Zeitdruck bei den Setzlingen

Der Druck bei der der Beschaffung der Douglasien-Setzlingen hat einen Grund. Der Hoffnungsträger der heimischen Forstwirtschaft muss im Frühjahr in die Erde. Ob das Aufforstungsprogramm wie geplant umgesetzt werden kann, liegt mit an der Politik und an der Verabschiedung des Kommunal-Haushaltes für das kommende Jahr. Vor Jahresfrist war die aufgrund eines Vetos der Briloner Bürgerliste um zwei Monate in den Januar hinein verzögert worden. Das hatte dem Forstbetrieb Probleme bereitet, wie Dr. Bub jüngst noch im Forstausschuss anmerkte. Geplant ist die Verabschiedung für die Ratssitzung am 28. November.

Angesichts der großflächigen Borkenkäferschäden sind Setzlinge überall gefragt. Rund 250.000 Euro sind für die Neuanpflanzung veranschlagt. Dr. Bub: „Je später wir das Geld zum Kaufen bekommen, desto schlechter wird es.“ Es sei unter Umständen zu überlegen, eigenes Fichtensaatgut im Lohn-Auftrag anziehen zu lassen. Eine eigene Baumschule rechne sich nicht, das, so Dr. Bub, würde „irre teuer“. Ausschuss-Vorsitzender Günther Wiese (SPD) nahm die Landesregierung in die Pflicht. Er hoffe, dass „in Düsseldorf die Einsicht wächst“, angesichts der riesigen Waldschäden die sogenannten Ersatzgelder aus dem Bau von Windrädern auch für Aufforstungen freizugeben.

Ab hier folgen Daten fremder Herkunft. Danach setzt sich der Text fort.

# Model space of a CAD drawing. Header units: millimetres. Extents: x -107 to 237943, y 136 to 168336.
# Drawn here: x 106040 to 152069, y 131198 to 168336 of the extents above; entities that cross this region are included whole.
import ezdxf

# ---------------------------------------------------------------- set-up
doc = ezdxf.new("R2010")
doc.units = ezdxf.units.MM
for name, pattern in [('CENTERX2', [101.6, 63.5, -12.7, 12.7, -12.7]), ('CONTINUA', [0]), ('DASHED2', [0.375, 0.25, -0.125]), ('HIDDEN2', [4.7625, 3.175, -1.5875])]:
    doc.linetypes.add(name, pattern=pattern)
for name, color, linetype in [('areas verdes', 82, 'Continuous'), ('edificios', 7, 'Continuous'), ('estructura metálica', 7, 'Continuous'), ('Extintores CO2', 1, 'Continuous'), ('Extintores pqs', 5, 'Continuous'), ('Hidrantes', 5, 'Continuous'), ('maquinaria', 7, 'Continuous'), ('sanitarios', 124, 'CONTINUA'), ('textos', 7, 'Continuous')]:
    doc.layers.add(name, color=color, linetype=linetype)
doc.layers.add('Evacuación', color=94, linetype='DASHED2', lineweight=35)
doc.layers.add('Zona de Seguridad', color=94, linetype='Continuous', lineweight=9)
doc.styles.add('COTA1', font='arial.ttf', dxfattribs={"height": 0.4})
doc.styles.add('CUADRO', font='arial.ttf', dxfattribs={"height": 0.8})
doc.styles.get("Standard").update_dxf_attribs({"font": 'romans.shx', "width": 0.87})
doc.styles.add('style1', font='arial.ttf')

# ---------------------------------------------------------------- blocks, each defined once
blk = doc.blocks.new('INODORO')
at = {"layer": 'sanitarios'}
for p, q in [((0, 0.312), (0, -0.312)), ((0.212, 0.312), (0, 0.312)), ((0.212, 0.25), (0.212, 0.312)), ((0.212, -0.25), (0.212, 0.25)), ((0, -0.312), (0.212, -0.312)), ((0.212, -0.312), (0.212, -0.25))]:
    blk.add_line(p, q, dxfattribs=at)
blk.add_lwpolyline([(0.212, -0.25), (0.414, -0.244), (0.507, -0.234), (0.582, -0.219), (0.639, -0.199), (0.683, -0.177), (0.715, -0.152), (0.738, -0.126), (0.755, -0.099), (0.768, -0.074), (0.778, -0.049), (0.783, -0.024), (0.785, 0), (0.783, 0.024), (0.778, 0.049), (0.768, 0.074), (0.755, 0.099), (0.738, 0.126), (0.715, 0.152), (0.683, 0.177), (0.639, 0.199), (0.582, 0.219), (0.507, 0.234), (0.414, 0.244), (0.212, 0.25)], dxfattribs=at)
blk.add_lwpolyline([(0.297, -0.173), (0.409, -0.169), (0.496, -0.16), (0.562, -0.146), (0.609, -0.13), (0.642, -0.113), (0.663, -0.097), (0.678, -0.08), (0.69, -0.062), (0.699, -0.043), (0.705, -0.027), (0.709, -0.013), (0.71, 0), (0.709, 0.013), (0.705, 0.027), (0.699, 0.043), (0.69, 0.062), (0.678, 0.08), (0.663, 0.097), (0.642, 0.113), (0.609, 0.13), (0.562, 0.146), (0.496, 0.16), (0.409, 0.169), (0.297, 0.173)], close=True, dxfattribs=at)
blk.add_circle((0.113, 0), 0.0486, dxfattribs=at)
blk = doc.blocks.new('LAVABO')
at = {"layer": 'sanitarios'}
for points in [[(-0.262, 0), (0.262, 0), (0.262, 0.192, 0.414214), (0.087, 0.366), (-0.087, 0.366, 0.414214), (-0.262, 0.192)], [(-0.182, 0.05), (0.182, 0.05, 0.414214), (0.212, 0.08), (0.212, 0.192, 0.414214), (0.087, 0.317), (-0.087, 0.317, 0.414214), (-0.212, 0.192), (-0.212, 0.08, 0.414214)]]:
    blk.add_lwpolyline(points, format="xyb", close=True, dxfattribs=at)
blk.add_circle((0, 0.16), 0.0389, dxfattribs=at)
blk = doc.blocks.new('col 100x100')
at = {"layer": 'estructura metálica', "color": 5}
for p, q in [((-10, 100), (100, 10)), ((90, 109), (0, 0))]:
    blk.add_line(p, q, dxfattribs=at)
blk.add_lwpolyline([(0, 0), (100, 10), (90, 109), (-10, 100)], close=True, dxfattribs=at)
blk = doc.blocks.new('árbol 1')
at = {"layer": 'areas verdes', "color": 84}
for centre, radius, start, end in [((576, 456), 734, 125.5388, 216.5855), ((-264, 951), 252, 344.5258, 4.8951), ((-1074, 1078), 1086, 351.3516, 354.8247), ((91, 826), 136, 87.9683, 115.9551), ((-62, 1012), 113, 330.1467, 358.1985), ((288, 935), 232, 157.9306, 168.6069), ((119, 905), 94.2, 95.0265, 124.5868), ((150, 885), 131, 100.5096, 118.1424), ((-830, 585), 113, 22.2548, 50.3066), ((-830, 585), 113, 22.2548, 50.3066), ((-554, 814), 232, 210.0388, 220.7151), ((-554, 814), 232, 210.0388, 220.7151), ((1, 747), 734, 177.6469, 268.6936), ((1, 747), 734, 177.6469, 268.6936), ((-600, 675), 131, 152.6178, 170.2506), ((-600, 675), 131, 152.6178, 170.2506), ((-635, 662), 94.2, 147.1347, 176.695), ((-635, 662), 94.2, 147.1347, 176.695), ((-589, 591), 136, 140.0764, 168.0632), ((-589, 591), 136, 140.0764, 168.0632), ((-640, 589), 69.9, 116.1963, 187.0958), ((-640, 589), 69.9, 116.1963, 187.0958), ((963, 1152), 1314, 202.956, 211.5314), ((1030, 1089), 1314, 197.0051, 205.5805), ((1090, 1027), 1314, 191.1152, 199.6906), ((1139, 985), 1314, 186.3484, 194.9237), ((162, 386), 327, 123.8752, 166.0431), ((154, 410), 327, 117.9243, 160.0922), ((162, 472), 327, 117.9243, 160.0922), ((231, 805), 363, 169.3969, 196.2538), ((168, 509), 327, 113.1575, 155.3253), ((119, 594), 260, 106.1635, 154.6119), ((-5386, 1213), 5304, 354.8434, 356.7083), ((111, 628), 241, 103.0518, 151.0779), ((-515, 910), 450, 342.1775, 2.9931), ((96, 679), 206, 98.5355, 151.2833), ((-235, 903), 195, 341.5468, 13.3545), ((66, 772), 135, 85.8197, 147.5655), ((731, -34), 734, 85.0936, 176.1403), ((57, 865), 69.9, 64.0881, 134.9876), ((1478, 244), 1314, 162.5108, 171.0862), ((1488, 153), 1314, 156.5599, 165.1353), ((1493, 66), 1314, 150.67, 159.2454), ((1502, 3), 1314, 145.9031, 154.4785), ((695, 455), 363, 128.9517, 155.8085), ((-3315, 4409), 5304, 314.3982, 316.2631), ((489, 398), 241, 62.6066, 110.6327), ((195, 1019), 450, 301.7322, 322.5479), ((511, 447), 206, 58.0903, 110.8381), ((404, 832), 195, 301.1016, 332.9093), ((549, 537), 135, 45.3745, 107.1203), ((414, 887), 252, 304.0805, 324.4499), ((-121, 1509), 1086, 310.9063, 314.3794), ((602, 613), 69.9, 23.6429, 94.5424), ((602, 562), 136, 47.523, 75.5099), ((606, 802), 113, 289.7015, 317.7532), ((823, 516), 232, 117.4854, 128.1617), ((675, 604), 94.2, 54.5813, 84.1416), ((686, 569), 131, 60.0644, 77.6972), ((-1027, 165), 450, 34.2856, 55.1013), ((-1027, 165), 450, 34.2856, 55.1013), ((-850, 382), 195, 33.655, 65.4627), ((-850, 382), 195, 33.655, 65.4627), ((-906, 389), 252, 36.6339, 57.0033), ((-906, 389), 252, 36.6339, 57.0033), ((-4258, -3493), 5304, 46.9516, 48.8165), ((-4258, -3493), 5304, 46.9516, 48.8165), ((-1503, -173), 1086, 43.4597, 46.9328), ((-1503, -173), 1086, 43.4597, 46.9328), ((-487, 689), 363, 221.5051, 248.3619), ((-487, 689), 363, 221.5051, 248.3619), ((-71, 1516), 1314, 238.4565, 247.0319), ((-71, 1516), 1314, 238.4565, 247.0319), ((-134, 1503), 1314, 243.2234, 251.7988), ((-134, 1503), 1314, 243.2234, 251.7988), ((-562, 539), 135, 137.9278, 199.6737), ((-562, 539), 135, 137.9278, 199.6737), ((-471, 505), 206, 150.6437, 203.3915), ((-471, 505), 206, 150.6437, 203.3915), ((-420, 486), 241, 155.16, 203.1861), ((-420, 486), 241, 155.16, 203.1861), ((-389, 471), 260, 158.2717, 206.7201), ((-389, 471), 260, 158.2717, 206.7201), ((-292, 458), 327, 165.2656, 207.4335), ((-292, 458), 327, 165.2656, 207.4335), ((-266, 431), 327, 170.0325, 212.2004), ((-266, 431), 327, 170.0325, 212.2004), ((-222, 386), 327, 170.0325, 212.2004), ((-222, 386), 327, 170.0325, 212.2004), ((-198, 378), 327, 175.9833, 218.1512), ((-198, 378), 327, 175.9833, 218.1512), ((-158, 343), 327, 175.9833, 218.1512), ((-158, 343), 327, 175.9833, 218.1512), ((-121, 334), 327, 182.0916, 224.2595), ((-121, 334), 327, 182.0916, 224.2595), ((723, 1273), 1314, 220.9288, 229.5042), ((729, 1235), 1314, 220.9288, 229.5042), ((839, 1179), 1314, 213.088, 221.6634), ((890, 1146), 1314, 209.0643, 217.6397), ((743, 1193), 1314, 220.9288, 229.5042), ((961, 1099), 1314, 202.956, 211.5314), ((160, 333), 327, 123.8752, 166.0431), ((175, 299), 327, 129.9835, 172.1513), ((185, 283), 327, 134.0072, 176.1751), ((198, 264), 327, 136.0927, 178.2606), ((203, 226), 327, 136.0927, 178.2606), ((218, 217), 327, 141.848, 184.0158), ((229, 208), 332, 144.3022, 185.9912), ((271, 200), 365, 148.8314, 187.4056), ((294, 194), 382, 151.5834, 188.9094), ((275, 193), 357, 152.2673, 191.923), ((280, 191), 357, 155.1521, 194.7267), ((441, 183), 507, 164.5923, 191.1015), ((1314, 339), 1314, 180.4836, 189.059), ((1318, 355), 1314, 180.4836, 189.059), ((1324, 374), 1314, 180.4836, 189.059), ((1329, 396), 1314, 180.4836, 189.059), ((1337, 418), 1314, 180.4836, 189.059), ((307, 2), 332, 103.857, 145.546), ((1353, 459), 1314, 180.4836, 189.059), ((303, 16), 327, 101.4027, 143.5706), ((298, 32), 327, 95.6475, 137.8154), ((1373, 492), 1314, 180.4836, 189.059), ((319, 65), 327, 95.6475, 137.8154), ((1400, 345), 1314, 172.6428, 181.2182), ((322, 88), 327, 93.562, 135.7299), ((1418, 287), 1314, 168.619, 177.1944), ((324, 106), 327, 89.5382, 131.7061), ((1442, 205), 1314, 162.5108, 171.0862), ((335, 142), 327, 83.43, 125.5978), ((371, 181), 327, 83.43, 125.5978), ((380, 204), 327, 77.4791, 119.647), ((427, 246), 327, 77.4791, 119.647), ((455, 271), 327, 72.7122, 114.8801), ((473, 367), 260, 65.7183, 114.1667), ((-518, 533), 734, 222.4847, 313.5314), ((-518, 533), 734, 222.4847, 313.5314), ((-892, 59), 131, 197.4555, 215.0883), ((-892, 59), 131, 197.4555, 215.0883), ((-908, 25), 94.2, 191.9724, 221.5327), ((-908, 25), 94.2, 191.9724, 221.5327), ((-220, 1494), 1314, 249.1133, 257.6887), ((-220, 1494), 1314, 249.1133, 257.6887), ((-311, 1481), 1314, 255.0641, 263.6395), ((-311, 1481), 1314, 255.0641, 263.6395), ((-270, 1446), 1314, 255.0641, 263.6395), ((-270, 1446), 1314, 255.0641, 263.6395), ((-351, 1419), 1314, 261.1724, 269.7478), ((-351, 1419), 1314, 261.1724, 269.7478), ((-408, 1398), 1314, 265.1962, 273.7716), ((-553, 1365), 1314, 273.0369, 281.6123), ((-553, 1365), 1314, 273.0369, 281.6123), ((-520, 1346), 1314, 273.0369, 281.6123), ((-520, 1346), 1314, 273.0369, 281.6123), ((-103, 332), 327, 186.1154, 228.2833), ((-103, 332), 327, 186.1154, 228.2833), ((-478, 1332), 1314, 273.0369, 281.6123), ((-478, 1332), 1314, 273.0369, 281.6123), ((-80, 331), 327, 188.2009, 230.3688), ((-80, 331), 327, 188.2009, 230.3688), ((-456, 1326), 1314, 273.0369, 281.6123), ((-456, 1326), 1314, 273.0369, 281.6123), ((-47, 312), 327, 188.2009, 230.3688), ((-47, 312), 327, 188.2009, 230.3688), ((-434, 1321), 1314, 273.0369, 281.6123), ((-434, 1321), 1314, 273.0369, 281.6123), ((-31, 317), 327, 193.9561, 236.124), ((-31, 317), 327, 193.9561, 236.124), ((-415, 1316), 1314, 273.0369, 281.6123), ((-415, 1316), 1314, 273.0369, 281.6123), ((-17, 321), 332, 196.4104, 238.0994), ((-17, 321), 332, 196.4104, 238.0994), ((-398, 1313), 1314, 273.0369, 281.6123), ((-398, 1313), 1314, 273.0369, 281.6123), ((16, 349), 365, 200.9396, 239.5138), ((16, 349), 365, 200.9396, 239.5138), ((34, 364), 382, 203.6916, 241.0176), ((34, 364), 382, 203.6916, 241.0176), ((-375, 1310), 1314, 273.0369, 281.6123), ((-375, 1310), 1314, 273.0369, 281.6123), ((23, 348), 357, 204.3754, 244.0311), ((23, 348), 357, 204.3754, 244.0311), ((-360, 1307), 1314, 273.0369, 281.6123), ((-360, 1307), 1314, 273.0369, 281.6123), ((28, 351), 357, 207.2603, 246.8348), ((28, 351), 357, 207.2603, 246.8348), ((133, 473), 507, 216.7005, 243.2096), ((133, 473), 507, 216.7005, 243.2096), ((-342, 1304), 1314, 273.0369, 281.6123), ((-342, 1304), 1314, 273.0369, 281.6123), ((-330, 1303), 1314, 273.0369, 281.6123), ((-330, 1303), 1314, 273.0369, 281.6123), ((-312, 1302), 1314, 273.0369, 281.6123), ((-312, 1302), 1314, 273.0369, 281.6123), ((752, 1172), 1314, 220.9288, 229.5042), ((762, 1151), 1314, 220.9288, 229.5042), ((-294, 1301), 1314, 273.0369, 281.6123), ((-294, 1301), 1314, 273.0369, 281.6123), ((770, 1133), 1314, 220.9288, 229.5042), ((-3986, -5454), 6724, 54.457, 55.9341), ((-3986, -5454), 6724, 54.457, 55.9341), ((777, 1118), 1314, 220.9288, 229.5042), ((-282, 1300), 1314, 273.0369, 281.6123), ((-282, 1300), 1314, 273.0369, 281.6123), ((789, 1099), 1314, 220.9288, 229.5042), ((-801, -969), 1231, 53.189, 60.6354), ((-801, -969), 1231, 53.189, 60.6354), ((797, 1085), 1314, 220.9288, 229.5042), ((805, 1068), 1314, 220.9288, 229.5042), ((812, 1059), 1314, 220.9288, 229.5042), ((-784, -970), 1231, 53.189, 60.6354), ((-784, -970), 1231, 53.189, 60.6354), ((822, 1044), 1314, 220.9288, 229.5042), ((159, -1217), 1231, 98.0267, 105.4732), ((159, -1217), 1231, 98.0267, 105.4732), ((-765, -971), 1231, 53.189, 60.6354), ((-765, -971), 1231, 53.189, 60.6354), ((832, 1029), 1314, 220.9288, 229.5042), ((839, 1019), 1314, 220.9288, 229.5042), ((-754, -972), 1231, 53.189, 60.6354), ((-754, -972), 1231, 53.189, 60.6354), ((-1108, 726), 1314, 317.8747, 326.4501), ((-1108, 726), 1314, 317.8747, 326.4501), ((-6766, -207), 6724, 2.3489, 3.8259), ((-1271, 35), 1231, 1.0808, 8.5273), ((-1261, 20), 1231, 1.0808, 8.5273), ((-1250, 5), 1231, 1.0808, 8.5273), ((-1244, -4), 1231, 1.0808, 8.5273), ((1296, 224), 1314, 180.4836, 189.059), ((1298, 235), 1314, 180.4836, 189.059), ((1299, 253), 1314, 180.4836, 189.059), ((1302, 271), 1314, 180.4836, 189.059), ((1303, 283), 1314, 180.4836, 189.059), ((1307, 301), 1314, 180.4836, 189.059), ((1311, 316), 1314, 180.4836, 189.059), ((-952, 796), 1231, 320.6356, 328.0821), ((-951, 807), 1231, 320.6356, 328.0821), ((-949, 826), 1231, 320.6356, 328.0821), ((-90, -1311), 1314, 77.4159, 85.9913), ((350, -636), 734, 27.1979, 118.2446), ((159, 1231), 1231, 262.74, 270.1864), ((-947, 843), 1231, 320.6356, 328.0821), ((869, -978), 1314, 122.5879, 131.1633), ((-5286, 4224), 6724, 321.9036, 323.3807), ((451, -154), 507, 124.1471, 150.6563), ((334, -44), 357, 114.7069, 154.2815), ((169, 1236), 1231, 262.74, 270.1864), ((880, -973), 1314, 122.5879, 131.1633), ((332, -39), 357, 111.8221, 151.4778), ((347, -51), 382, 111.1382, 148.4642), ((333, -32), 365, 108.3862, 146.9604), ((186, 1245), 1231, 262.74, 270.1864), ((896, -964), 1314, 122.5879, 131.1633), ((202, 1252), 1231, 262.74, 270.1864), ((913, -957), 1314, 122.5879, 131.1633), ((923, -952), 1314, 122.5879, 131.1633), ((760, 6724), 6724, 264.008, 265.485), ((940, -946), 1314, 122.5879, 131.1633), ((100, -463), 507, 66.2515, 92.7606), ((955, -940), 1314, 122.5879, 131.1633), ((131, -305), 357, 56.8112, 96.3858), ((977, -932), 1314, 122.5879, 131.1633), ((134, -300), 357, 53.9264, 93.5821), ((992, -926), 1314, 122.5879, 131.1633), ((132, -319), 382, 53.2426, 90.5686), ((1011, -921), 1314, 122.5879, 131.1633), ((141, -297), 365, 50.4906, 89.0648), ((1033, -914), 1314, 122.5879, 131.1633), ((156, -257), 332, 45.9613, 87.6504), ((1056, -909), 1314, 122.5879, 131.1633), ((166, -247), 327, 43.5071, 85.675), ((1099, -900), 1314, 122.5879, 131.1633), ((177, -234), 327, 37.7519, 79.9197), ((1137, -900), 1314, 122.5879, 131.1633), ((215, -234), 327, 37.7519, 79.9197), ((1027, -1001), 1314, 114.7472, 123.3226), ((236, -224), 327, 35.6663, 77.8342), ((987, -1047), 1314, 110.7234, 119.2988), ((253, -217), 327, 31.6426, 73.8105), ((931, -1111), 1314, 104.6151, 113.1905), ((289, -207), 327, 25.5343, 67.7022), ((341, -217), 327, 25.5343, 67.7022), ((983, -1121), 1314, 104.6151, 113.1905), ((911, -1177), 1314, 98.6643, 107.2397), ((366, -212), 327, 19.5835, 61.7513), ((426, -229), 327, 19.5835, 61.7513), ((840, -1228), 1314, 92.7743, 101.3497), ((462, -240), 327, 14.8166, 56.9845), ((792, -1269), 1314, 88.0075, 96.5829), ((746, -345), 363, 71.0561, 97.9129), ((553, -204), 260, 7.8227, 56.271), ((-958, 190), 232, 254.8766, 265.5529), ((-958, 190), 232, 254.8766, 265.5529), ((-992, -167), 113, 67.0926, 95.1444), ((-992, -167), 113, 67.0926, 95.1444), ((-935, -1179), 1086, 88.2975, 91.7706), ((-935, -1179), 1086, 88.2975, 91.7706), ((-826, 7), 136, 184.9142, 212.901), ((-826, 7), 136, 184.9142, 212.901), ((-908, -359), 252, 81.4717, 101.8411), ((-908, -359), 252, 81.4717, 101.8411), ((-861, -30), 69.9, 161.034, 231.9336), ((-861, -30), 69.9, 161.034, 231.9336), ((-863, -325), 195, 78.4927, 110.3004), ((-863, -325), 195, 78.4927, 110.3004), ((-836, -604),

Einschlag geht an die 90.000-Festmeter-Marke

Rund 80 Hektar Kulturfläche will das Forstamt im kommenden Jahr neu bestocken. Darunter sind fünf Hektar, auf denen Jungpflanzen aus biotischen und abiotischen Gründen ausgefallen sind. Etwa durch Verdorren (abiotisch) oder aber durch Wildverbiss, Mäuse oder Überwachsen durch andere Pflanzen (biotisch). Bei sogenannten Waldblößen, kahl gewordenen Flächen unterhalb von 0,1 Hektar, entscheidet der Forst je nach Einzellfall, ob er dort nachbessert oder die Fläche der Naturverjüngung überlässt.

Das nasskalte Wetter der vergangenen Wochen habe den Borkenkäfer zwar gebremst, aber die weitere Entwicklung sei „unkalkulierbar“, so Dr. Bub zur WP.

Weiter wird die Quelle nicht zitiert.